#### Exercise data ####

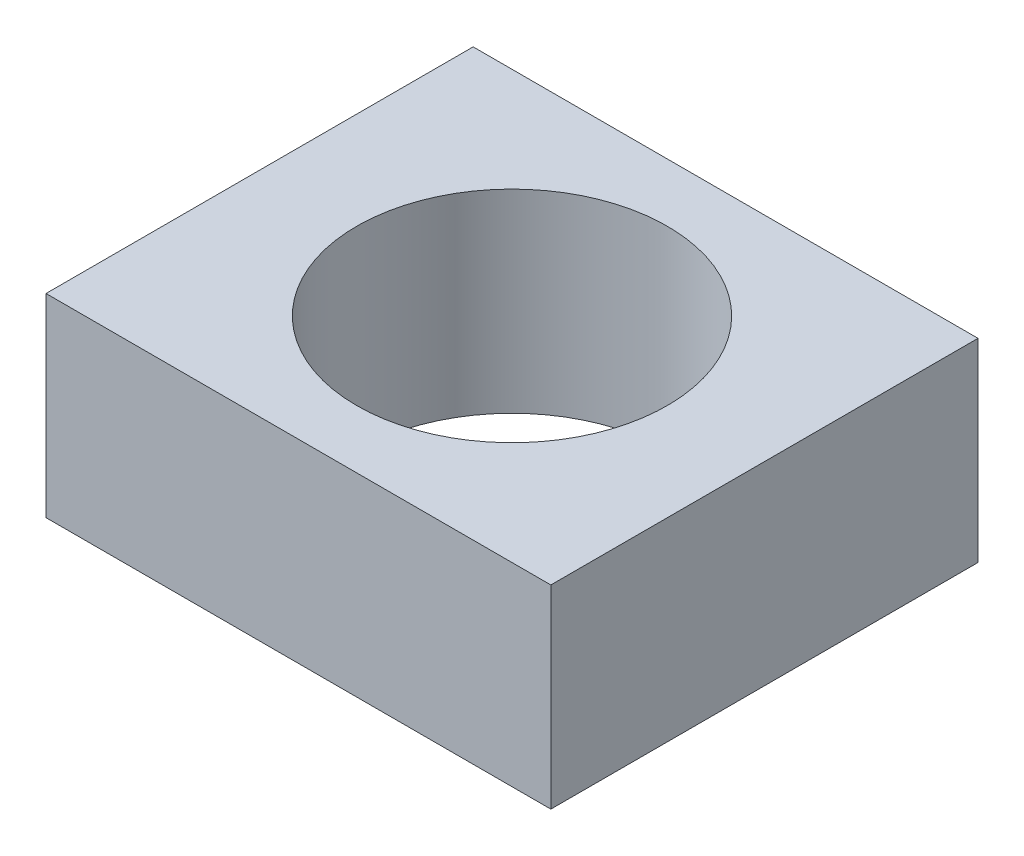
SolidWorks part; units mm, degrees
ref_plane "Front Plane" through (0, 0, 0) normal (0, 0, 1) x (1, 0, 0)
ref_plane "Top Plane" through (0, 0, 0) normal (0, 1, 0) x (1, 0, 0)
ref_plane "Right Plane" through (0, 0, 0) normal (1, 0, 0) x (0, 0, -1)
sketch "Sketch2" plane through (0, 0, 0) normal (0, 1, 0) x (1, 0, 0)
  line L1 (-6.5, 5.5) -> (6.5, 5.5)
  line L2 (-6.5, 5.5) -> (-6.5, -5.5)
  line L3 (-6.5, -5.5) -> (6.5, -5.5)
  line L4 (6.5, 5.5) -> (6.5, -5.5)
  line L5 (0, -5.5) -> (0, 5.5) construction
  line L6 (-6.5, 0) -> (6.5, 0) construction
  point P0 (0, 0)
  dimension "D1" = 13
  dimension "D2" = 11
extrude "Boss-Extrude2" add sketch "Sketch2" along normal blind 5
sketch "Sketch3" plane through (0, 5, 0) normal (0, 1, 0) x (1, 0, 0)
  circle A0 centre (0, 0) radius 4
  dimension "D1" = 8
extrude "Cut-Extrude1" cut sketch "Sketch3" against normal blind 5
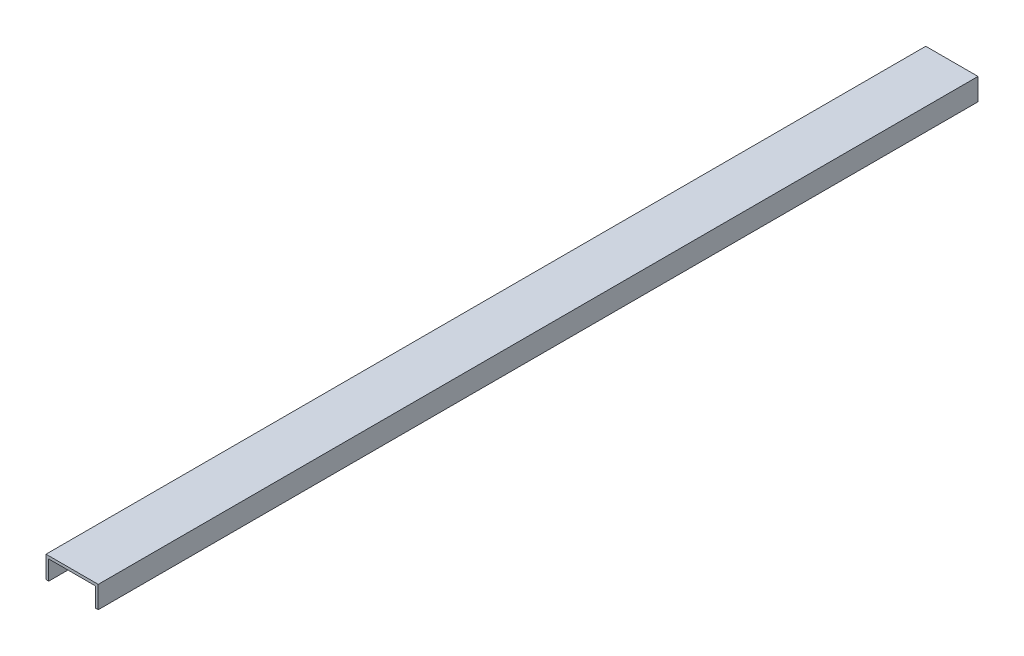
SolidWorks part; units mm, degrees
ref_plane "Front Plane" through (0, 0, 0) normal (0, 0, 1) x (1, 0, 0)
ref_plane "Top Plane" through (0, 0, 0) normal (0, 1, 0) x (1, 0, 0)
ref_plane "Right Plane" through (0, 0, 0) normal (1, 0, 0) x (0, 0, -1)
sketch "Sketch1" plane through (0, 0, 0) normal (0, 0, 1) x (1, 0, 0)
  line L0 (0, 0) -> (-8.5, 0)
  line L1 (-8.5, 0) -> (-8.5, -7)
  line L2 (0, 0) -> (8.5, 0)
  line L3 (8.5, 0) -> (8.5, -7)
  line L4 (8.5, -7) -> (9.5, -7)
  line L5 (9.5, -7) -> (9.5, 1)
  line L6 (9.5, 1) -> (-9.5, 1)
  line L7 (-9.5, 1) -> (-9.5, -7)
  line L8 (-9.5, -7) -> (-8.5, -7)
extrude "Boss-Extrude1" add sketch "Sketch1" along normal blind 320

####

• _What is required_
Report all lines in the records that include the string "Boss".

• _Final answer_
extrude "Boss-Extrude2" add sketch "Sketch2" along normal blind 5
extrude "Boss-Extrude1" add sketch "Sketch1" along normal blind 320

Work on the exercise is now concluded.